Any owners on here? I think I must just be missing something. Can someone please enlighten me!! 

Thanks,
Greg


----------



## johnshasteen (Aug 9, 2002)

Greg, two things I don't like about the Nor'Sea 27: The aft cabin will be a sauna if you sail in southern waters (and the closer you sleep to the centerline of the boat, the more comfortable you will be at sea) and the aft cabin turns it into a center cockpit boat and a 27 is way to short to be center cockpit, your perspective and view of your sails will be off and it will be a wetter boat in a seaway.


----------



## knothead (Apr 9, 2003)

When cruising, we used our aft cabin pretty much for storage. Extra sail, jerry jugs, fenders, etc. At anchor, it was sometimes use for guest berthing. 
It was a bit of an inconvenience to have to empty the cabin out to work on the engine.

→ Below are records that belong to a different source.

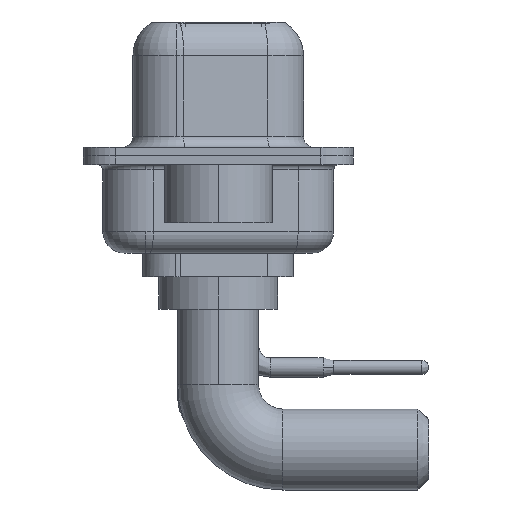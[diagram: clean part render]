
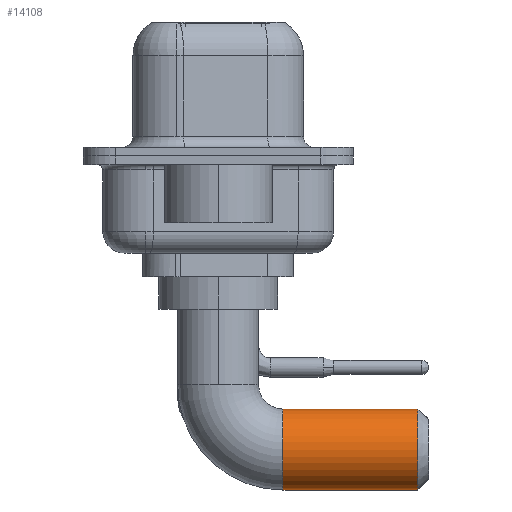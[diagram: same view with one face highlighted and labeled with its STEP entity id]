
A CAD part, left-side view. The second image highlights one B-rep face of the part: STEP entity #14108.
In plain terms, the highlighted cylindrical face has radius 1.875 mm (diameter 3.75 mm), a partial arc.
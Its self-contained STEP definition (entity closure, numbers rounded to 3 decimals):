
#663 = AXIS2_PLACEMENT_3D ( 'NONE', #8919, #897, #2387 ) ;
#897 = DIRECTION ( 'NONE',  ( 0., -1., 0. ) ) ;
#2382 = CIRCLE ( 'NONE', #19912, 1.875 ) ;
#2387 = DIRECTION ( 'NONE',  ( 0., 0., -1. ) ) ;
#2479 = DIRECTION ( 'NONE',  ( 0., -1., 0. ) ) ;
#2493 = CYLINDRICAL_SURFACE ( 'NONE', #663, 1.875 ) ;
#2628 = CARTESIAN_POINT ( 'NONE',  ( 0., -3., -4.625 ) ) ;
#3657 = CARTESIAN_POINT ( 'NONE',  ( 0., -9.25, -8.375 ) ) ;
#4058 = CARTESIAN_POINT ( 'NONE',  ( 0., -3., -6.5 ) ) ;
#5392 = VERTEX_POINT ( 'NONE', #12611 ) ;
#5812 = DIRECTION ( 'NONE',  ( 0., -1., 0. ) ) ;
#6152 = EDGE_LOOP ( 'NONE', ( #14955, #7500, #18833, #10597 ) ) ;
#6819 = VERTEX_POINT ( 'NONE', #8486 ) ;
#7500 = ORIENTED_EDGE ( 'NONE', *, *, #15686, .T. ) ;
#7560 = VECTOR ( 'NONE', #5812, 1000. ) ;
#7862 = DIRECTION ( 'NONE',  ( 0., -1., 0. ) ) ;
#8064 = DIRECTION ( 'NONE',  ( 0., 1., 0. ) ) ;
#8486 = CARTESIAN_POINT ( 'NONE',  ( 0., -9.25, -4.625 ) ) ;
#8919 = CARTESIAN_POINT ( 'NONE',  ( 0., -3., -6.5 ) ) ;
#10597 = ORIENTED_EDGE ( 'NONE', *, *, #15868, .T. ) ;
#11159 = CIRCLE ( 'NONE', #20256, 1.875 ) ;
#12200 = FACE_OUTER_BOUND ( 'NONE', #6152, .T. ) ;
#12611 = CARTESIAN_POINT ( 'NONE',  ( 0., -3., -8.375 ) ) ;
#13614 = VERTEX_POINT ( 'NONE', #2628 ) ;
#14092 = LINE ( 'NONE', #15987, #17188 ) ;
#14108 = ADVANCED_FACE ( 'NONE', ( #12200 ), #2493, .T. ) ;
#14261 = EDGE_CURVE ( 'NONE', #13614, #6819, #14092, .T. ) ;
#14610 = CARTESIAN_POINT ( 'NONE',  ( 0., -9.25, -6.5 ) ) ;
#14955 = ORIENTED_EDGE ( 'NONE', *, *, #14261, .F. ) ;
#15346 = DIRECTION ( 'NONE',  ( -1., 0., 0. ) ) ;
#15522 = CARTESIAN_POINT ( 'NONE',  ( 0., -3., -8.375 ) ) ;
#15686 = EDGE_CURVE ( 'NONE', #13614, #5392, #2382, .T. ) ;
#15868 = EDGE_CURVE ( 'NONE', #18781, #6819, #11159, .T. ) ;
#15987 = CARTESIAN_POINT ( 'NONE',  ( 0., -3., -4.625 ) ) ;
#16297 = DIRECTION ( 'NONE',  ( 0., 0., -1. ) ) ;
#17188 = VECTOR ( 'NONE', #7862, 1000. ) ;
#18781 = VERTEX_POINT ( 'NONE', #3657 ) ;
#18833 = ORIENTED_EDGE ( 'NONE', *, *, #19226, .T. ) ;
#19226 = EDGE_CURVE ( 'NONE', #5392, #18781, #20278, .T. ) ;
#19912 = AXIS2_PLACEMENT_3D ( 'NONE', #4058, #2479, #15346 ) ;
#20256 = AXIS2_PLACEMENT_3D ( 'NONE', #14610, #8064, #16297 ) ;
#20278 = LINE ( 'NONE', #15522, #7560 ) ;
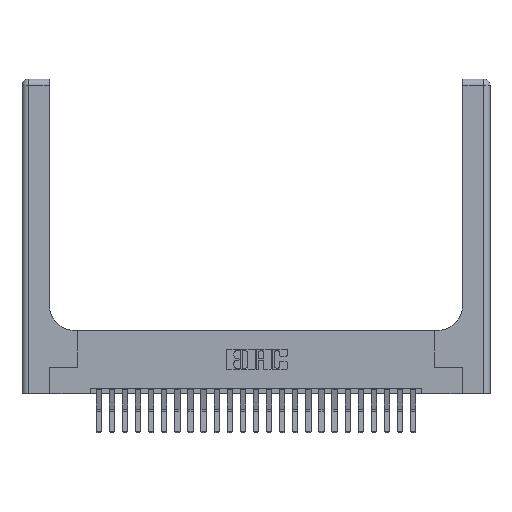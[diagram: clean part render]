
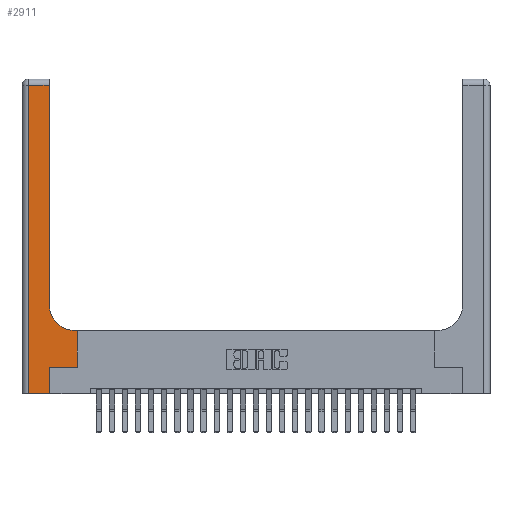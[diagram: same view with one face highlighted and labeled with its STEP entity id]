
A CAD part, top view. The second image highlights one B-rep face of the part: STEP entity #2911.
In plain terms, the highlighted planar face has unit normal (0, 0, 1).
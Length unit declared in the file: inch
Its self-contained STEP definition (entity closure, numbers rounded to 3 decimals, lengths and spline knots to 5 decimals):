
#43 = ORIENTED_EDGE ( 'NONE', *, *, #16698, .T. ) ;
#230 = AXIS2_PLACEMENT_3D ( 'NONE', #15828, #8193, #21092 ) ;
#1553 = EDGE_CURVE ( 'NONE', #15863, #21469, #13923, .T. ) ;
#1842 = LINE ( 'NONE', #22304, #20039 ) ;
#2485 = DIRECTION ( 'NONE',  ( 0., 1., 0. ) ) ;
#2911 = ADVANCED_FACE ( 'NONE', ( #10519 ), #7573, .F. ) ;
#3395 = CIRCLE ( 'NONE', #230, 0.25 ) ;
#3804 = VECTOR ( 'NONE', #15870, 39.37008 ) ;
#3812 = ORIENTED_EDGE ( 'NONE', *, *, #6581, .T. ) ;
#4904 = EDGE_CURVE ( 'NONE', #21452, #13507, #10696, .T. ) ;
#6581 = EDGE_CURVE ( 'NONE', #12807, #10972, #22742, .T. ) ;
#7573 = PLANE ( 'NONE',  #20057 ) ;
#7691 = CARTESIAN_POINT ( 'NONE',  ( 0.265, 0., 0.37 ) ) ;
#7826 = VECTOR ( 'NONE', #11252, 39.37008 ) ;
#8147 = CARTESIAN_POINT ( 'NONE',  ( 0., 2.94, 0.37 ) ) ;
#8193 = DIRECTION ( 'NONE',  ( 0., 0., -1. ) ) ;
#8287 = CARTESIAN_POINT ( 'NONE',  ( 0.528, 0.6, 0.37 ) ) ;
#8412 = VECTOR ( 'NONE', #13491, 39.37008 ) ;
#9719 = CARTESIAN_POINT ( 'NONE',  ( 0.26, 0.85, 0.37 ) ) ;
#9729 = ORIENTED_EDGE ( 'NONE', *, *, #14239, .T. ) ;
#9778 = ORIENTED_EDGE ( 'NONE', *, *, #23705, .T. ) ;
#9784 = ORIENTED_EDGE ( 'NONE', *, *, #19792, .T. ) ;
#10291 = CARTESIAN_POINT ( 'NONE',  ( 0.51, 0.6, 0.37 ) ) ;
#10519 = FACE_OUTER_BOUND ( 'NONE', #22832, .T. ) ;
#10696 = LINE ( 'NONE', #19031, #16772 ) ;
#10972 = VERTEX_POINT ( 'NONE', #10291 ) ;
#11177 = CARTESIAN_POINT ( 'NONE',  ( 0.06, 2.94, 0.37 ) ) ;
#11208 = VERTEX_POINT ( 'NONE', #15579 ) ;
#11243 = DIRECTION ( 'NONE',  ( 1., 0., 0. ) ) ;
#11252 = DIRECTION ( 'NONE',  ( 0., 1., 0. ) ) ;
#11430 = DIRECTION ( 'NONE',  ( 0., 1., 0. ) ) ;
#11643 = LINE ( 'NONE', #23615, #12800 ) ;
#11680 = CARTESIAN_POINT ( 'NONE',  ( 0.528, 0.25, 0.37 ) ) ;
#12084 = CARTESIAN_POINT ( 'NONE',  ( 0.06, 0., 0.37 ) ) ;
#12121 = LINE ( 'NONE', #22315, #7826 ) ;
#12695 = VERTEX_POINT ( 'NONE', #9719 ) ;
#12800 = VECTOR ( 'NONE', #2485, 39.37008 ) ;
#12807 = VERTEX_POINT ( 'NONE', #8287 ) ;
#12900 = VECTOR ( 'NONE', #18861, 39.37008 ) ;
#12957 = LINE ( 'NONE', #15002, #17040 ) ;
#13105 = CARTESIAN_POINT ( 'NONE',  ( 0., 3., 0.37 ) ) ;
#13491 = DIRECTION ( 'NONE',  ( -1., 0., 0. ) ) ;
#13507 = VERTEX_POINT ( 'NONE', #11680 ) ;
#13923 = LINE ( 'NONE', #15468, #3804 ) ;
#14159 = EDGE_CURVE ( 'NONE', #21230, #21452, #12121, .T. ) ;
#14239 = EDGE_CURVE ( 'NONE', #11208, #15863, #21960, .T. ) ;
#15002 = CARTESIAN_POINT ( 'NONE',  ( 0.528, 0.25, 0.37 ) ) ;
#15468 = CARTESIAN_POINT ( 'NONE',  ( 0.06, 3., 0.37 ) ) ;
#15579 = CARTESIAN_POINT ( 'NONE',  ( 0.26, 2.94, 0.37 ) ) ;
#15828 = CARTESIAN_POINT ( 'NONE',  ( 0.51, 0.85, 0.37 ) ) ;
#15863 = VERTEX_POINT ( 'NONE', #11177 ) ;
#15870 = DIRECTION ( 'NONE',  ( 0., -1., 0. ) ) ;
#16698 = EDGE_CURVE ( 'NONE', #13507, #12807, #12957, .T. ) ;
#16772 = VECTOR ( 'NONE', #22899, 39.37008 ) ;
#16773 = DIRECTION ( 'NONE',  ( -1., 0., 0. ) ) ;
#17040 = VECTOR ( 'NONE', #11430, 39.37008 ) ;
#18861 = DIRECTION ( 'NONE',  ( -1., 0., 0. ) ) ;
#19031 = CARTESIAN_POINT ( 'NONE',  ( 0.265, 0.25, 0.37 ) ) ;
#19792 = EDGE_CURVE ( 'NONE', #12695, #11208, #11643, .T. ) ;
#20039 = VECTOR ( 'NONE', #11243, 39.37008 ) ;
#20057 = AXIS2_PLACEMENT_3D ( 'NONE', #13105, #20293, #16773 ) ;
#20293 = DIRECTION ( 'NONE',  ( 0., 0., -1. ) ) ;
#20388 = ORIENTED_EDGE ( 'NONE', *, *, #4904, .T. ) ;
#20453 = EDGE_CURVE ( 'NONE', #21469, #21230, #1842, .T. ) ;
#20454 = ORIENTED_EDGE ( 'NONE', *, *, #14159, .T. ) ;
#20560 = CARTESIAN_POINT ( 'NONE',  ( 0.26, 0.6, 0.37 ) ) ;
#20675 = ORIENTED_EDGE ( 'NONE', *, *, #1553, .T. ) ;
#21092 = DIRECTION ( 'NONE',  ( 1., 0., 0. ) ) ;
#21230 = VERTEX_POINT ( 'NONE', #7691 ) ;
#21452 = VERTEX_POINT ( 'NONE', #23012 ) ;
#21469 = VERTEX_POINT ( 'NONE', #12084 ) ;
#21960 = LINE ( 'NONE', #8147, #8412 ) ;
#22304 = CARTESIAN_POINT ( 'NONE',  ( 0., 0., 0.37 ) ) ;
#22315 = CARTESIAN_POINT ( 'NONE',  ( 0.265, 0., 0.37 ) ) ;
#22335 = ORIENTED_EDGE ( 'NONE', *, *, #20453, .T. ) ;
#22742 = LINE ( 'NONE', #20560, #12900 ) ;
#22832 = EDGE_LOOP ( 'NONE', ( #9784, #9729, #20675, #22335, #20454, #20388, #43, #3812, #9778 ) ) ;
#22899 = DIRECTION ( 'NONE',  ( 1., 0., 0. ) ) ;
#23012 = CARTESIAN_POINT ( 'NONE',  ( 0.265, 0.25, 0.37 ) ) ;
#23615 = CARTESIAN_POINT ( 'NONE',  ( 0.26, 3., 0.37 ) ) ;
#23705 = EDGE_CURVE ( 'NONE', #10972, #12695, #3395, .T. ) ;

The boat is actually a dry boat. The lapstrakes help in that regard. 
One problem is that the cockpit seats were not made with drains. They need them. Water that comes aboard will sometimes flow back along the side deck and stay on the lee side cockpit seat. 

I don't really know what the previous poster means about not being able to see the sails. Never was or is a problem that I can recall.


----------



## johnshasteen (Aug 9, 2002)

knothead said:


> I don't really know what the previous poster means about not being able to see the sails. Never was or is a problem that I can recall.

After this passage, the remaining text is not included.